- Requirement -
Print every line of the listing below, starting with the line that holds "- D1: footprint" and going on through the line that holds "VIN-VUSB TRACE ON", both included, and print nothing else.

════════════════

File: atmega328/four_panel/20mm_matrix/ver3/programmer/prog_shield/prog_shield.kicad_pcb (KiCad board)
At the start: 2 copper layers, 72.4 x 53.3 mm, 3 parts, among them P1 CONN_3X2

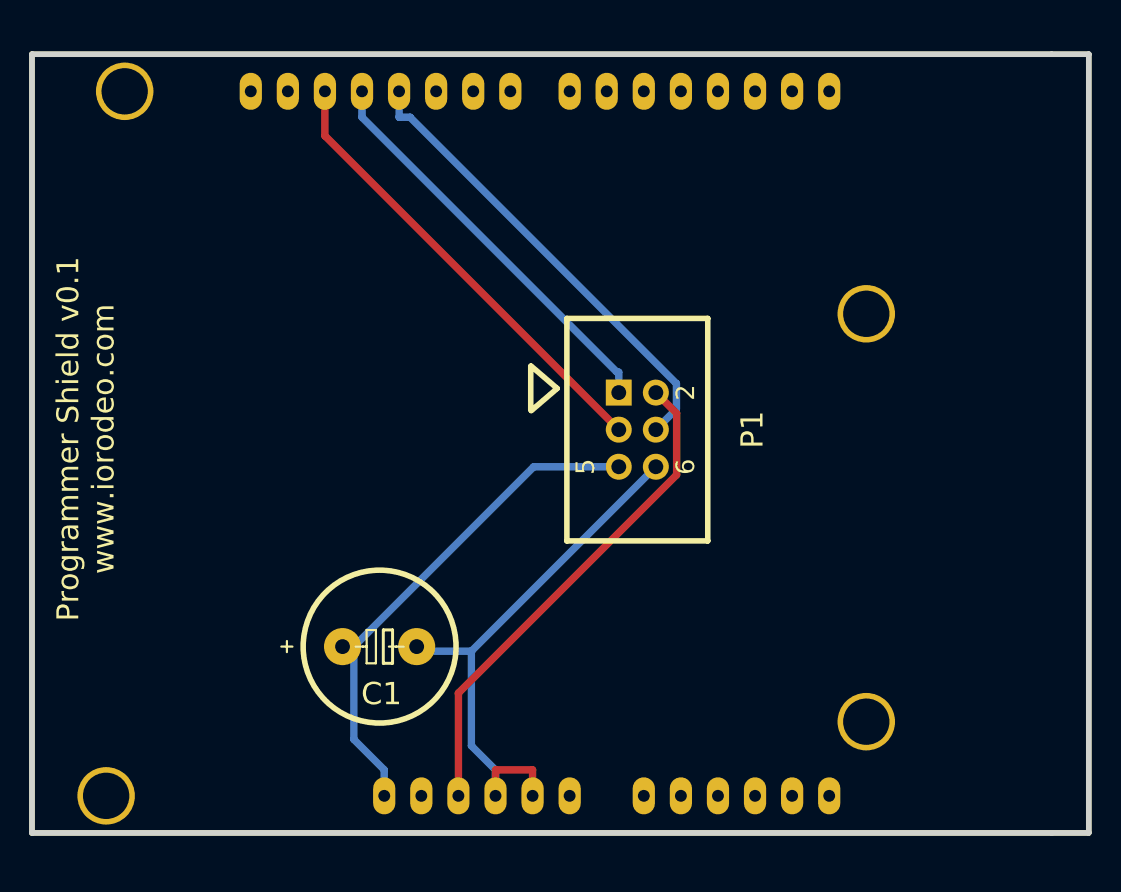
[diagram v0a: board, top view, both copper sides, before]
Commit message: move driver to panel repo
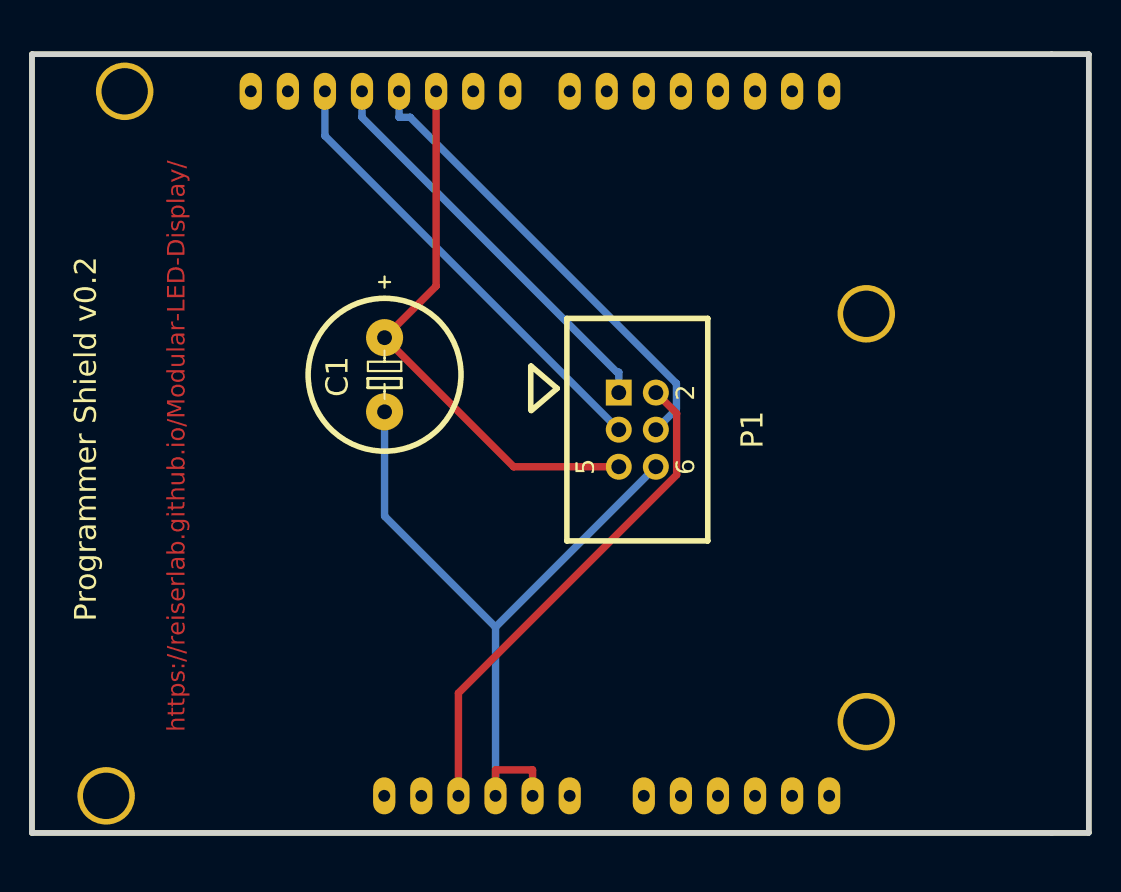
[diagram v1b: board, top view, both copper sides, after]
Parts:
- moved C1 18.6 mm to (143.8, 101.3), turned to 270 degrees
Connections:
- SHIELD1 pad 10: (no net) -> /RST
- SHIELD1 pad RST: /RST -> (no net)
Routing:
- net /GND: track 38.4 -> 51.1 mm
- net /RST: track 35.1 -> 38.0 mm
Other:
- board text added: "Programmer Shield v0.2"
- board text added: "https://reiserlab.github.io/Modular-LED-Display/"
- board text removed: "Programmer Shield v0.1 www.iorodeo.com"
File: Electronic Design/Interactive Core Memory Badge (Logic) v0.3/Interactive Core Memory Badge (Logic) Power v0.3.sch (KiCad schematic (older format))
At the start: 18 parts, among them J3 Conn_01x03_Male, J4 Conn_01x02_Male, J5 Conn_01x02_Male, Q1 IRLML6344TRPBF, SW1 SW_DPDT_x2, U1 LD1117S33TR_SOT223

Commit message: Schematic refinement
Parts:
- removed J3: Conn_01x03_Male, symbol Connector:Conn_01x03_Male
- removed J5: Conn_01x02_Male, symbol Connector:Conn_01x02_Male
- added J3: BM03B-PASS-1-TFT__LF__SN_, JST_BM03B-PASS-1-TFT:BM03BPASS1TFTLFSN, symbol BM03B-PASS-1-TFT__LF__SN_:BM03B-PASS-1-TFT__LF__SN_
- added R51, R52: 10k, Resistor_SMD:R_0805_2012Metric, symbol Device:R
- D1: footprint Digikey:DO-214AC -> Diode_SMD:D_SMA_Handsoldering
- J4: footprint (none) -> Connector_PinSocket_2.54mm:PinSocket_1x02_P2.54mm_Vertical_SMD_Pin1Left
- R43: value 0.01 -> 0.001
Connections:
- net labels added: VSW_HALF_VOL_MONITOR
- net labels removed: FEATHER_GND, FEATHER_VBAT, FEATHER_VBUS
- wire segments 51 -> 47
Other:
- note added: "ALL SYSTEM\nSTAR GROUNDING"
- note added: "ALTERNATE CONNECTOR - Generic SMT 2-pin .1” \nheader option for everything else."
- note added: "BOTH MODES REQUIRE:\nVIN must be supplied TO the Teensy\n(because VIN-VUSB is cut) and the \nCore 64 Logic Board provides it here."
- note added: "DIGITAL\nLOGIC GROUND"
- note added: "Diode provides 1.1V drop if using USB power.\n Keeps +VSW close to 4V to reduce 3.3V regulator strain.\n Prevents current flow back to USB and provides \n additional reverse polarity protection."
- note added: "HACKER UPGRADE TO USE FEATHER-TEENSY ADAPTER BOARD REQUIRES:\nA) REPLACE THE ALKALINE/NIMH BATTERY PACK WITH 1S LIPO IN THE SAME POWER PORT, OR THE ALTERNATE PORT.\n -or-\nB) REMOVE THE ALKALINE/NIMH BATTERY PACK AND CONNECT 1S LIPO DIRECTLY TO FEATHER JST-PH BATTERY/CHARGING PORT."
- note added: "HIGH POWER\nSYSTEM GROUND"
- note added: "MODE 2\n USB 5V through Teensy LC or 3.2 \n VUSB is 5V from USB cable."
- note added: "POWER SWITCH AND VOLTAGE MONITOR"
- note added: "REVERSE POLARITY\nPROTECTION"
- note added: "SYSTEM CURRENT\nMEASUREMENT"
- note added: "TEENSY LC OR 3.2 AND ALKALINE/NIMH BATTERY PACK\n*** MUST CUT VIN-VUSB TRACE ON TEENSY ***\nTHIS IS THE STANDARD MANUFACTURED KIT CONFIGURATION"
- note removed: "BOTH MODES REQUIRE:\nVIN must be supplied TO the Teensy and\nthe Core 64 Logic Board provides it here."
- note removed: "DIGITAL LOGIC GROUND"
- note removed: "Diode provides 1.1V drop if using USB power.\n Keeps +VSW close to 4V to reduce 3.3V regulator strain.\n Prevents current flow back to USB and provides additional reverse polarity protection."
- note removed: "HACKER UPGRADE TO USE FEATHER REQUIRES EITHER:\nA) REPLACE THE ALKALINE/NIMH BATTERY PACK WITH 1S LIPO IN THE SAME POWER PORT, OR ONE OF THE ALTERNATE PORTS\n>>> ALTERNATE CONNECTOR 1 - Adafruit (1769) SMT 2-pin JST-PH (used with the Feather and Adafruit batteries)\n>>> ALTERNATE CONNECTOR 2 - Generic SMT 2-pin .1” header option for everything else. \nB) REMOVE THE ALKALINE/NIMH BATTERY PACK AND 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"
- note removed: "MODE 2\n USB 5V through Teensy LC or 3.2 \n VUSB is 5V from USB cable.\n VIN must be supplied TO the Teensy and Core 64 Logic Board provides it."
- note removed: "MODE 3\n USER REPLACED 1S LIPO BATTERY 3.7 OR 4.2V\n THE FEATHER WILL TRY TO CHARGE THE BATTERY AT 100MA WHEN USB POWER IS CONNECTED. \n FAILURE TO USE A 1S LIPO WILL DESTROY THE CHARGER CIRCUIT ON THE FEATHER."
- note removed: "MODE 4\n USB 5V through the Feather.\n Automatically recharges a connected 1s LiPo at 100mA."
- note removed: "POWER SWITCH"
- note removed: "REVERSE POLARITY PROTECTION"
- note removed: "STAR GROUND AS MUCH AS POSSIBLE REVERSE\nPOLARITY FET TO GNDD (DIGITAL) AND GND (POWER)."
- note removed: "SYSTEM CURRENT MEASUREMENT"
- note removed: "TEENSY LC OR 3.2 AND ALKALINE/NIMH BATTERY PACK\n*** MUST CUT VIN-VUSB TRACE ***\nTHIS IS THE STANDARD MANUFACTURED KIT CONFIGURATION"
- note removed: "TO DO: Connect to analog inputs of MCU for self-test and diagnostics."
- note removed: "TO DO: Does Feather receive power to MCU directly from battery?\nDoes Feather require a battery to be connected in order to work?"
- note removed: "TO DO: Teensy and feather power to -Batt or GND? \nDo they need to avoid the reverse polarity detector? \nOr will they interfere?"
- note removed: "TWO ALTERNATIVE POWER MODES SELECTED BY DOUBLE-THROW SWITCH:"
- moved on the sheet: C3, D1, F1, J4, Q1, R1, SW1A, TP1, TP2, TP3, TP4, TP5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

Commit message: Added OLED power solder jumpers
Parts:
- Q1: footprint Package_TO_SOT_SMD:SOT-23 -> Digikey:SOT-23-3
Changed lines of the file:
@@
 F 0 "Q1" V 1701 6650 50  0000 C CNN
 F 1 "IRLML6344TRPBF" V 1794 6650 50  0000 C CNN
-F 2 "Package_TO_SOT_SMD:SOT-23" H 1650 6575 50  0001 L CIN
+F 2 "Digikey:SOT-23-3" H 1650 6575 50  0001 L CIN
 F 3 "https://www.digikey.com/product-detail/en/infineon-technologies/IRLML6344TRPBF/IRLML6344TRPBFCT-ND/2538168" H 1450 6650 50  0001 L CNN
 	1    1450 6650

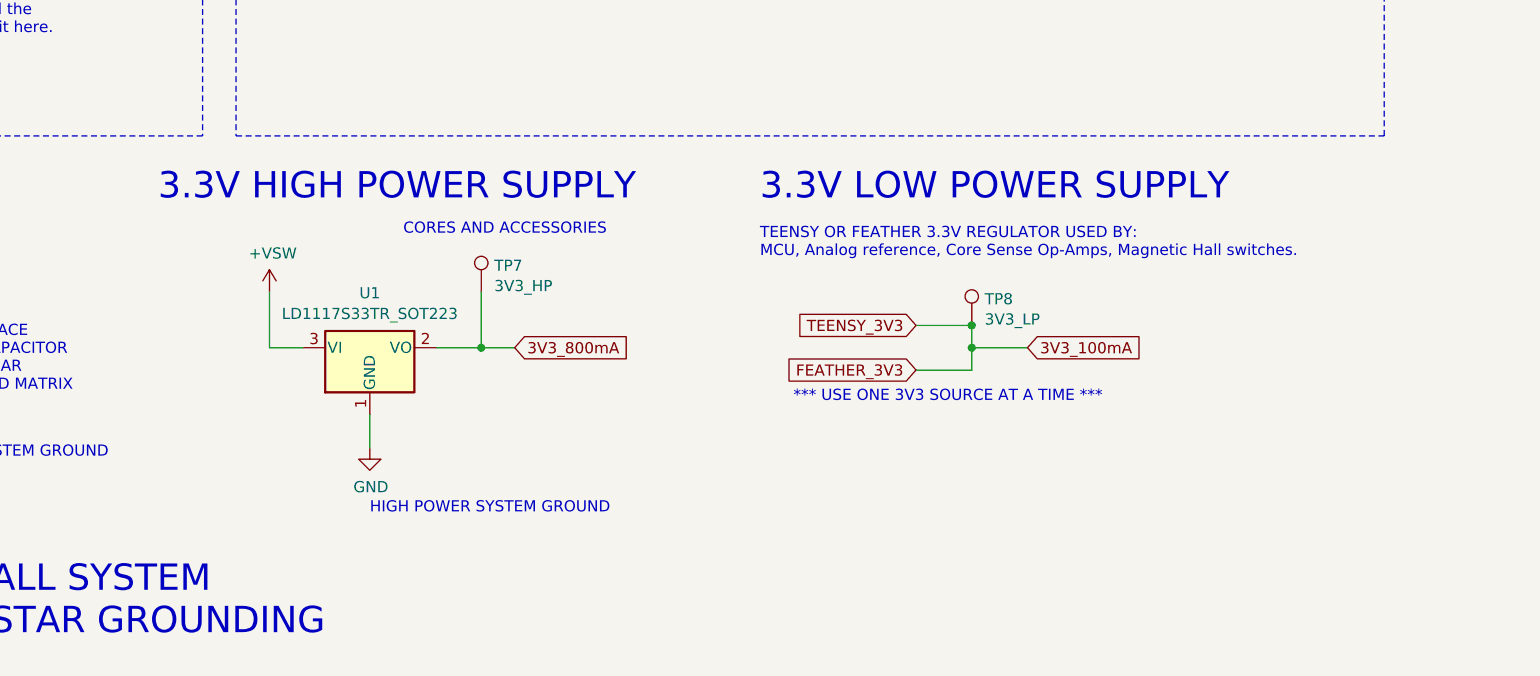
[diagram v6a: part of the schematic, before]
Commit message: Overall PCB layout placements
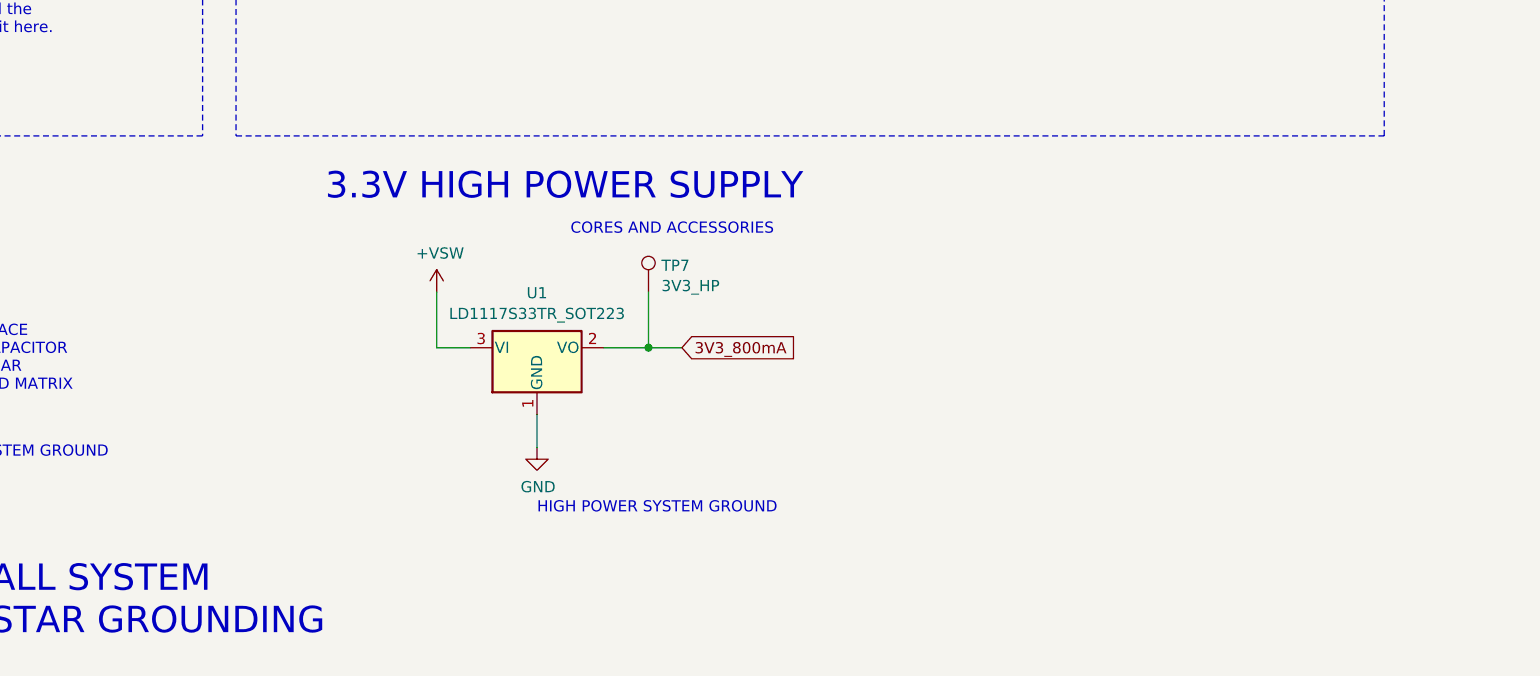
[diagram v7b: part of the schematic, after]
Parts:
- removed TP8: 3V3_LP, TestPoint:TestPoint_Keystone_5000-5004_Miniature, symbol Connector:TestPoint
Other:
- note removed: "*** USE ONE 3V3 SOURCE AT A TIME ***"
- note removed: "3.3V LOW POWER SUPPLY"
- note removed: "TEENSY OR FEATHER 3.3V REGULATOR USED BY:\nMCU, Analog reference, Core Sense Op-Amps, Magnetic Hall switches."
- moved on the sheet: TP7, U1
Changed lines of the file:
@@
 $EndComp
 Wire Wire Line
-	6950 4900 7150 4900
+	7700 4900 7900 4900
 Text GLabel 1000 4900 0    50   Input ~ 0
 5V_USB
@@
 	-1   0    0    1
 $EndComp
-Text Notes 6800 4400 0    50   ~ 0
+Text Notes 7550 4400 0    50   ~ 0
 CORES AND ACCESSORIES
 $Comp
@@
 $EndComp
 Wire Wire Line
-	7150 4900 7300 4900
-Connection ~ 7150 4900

════════════════

- Your response -
- D1: footprint Digikey:DO-214AC -> Diode_SMD:D_SMA_Handsoldering
- J4: footprint (none) -> Connector_PinSocket_2.54mm:PinSocket_1x02_P2.54mm_Vertical_SMD_Pin1Left
- R43: value 0.01 -> 0.001
Connections:
- net labels added: VSW_HALF_VOL_MONITOR
- net labels removed: FEATHER_GND, FEATHER_VBAT, FEATHER_VBUS
- wire segments 51 -> 47
Other:
- note added: "ALL SYSTEM\nSTAR GROUNDING"
- note added: "ALTERNATE CONNECTOR - Generic SMT 2-pin .1” \nheader option for everything else."
- note added: "BOTH MODES REQUIRE:\nVIN must be supplied TO the Teensy\n(because VIN-VUSB is cut) and the \nCore 64 Logic Board provides it here."
- note added: "DIGITAL\nLOGIC GROUND"
- note added: "Diode provides 1.1V drop if using USB power.\n Keeps +VSW close to 4V to reduce 3.3V regulator strain.\n Prevents current flow back to USB and provides \n additional reverse polarity protection."
- note added: "HACKER UPGRADE TO USE FEATHER-TEENSY ADAPTER BOARD REQUIRES:\nA) REPLACE THE ALKALINE/NIMH BATTERY PACK WITH 1S LIPO IN THE SAME POWER PORT, OR THE ALTERNATE PORT.\n -or-\nB) REMOVE THE ALKALINE/NIMH BATTERY PACK AND CONNECT 1S LIPO DIRECTLY TO FEATHER JST-PH BATTERY/CHARGING PORT."
- note added: "HIGH POWER\nSYSTEM GROUND"
- note added: "MODE 2\n USB 5V through Teensy LC or 3.2 \n VUSB is 5V from USB cable."
- note added: "POWER SWITCH AND VOLTAGE MONITOR"
- note added: "REVERSE POLARITY\nPROTECTION"
- note added: "SYSTEM CURRENT\nMEASUREMENT"
- note added: "TEENSY LC OR 3.2 AND ALKALINE/NIMH BATTERY PACK\n*** MUST CUT VIN-VUSB TRACE ON TEENSY ***\nTHIS IS THE STANDARD MANUFACTURED KIT CONFIGURATION"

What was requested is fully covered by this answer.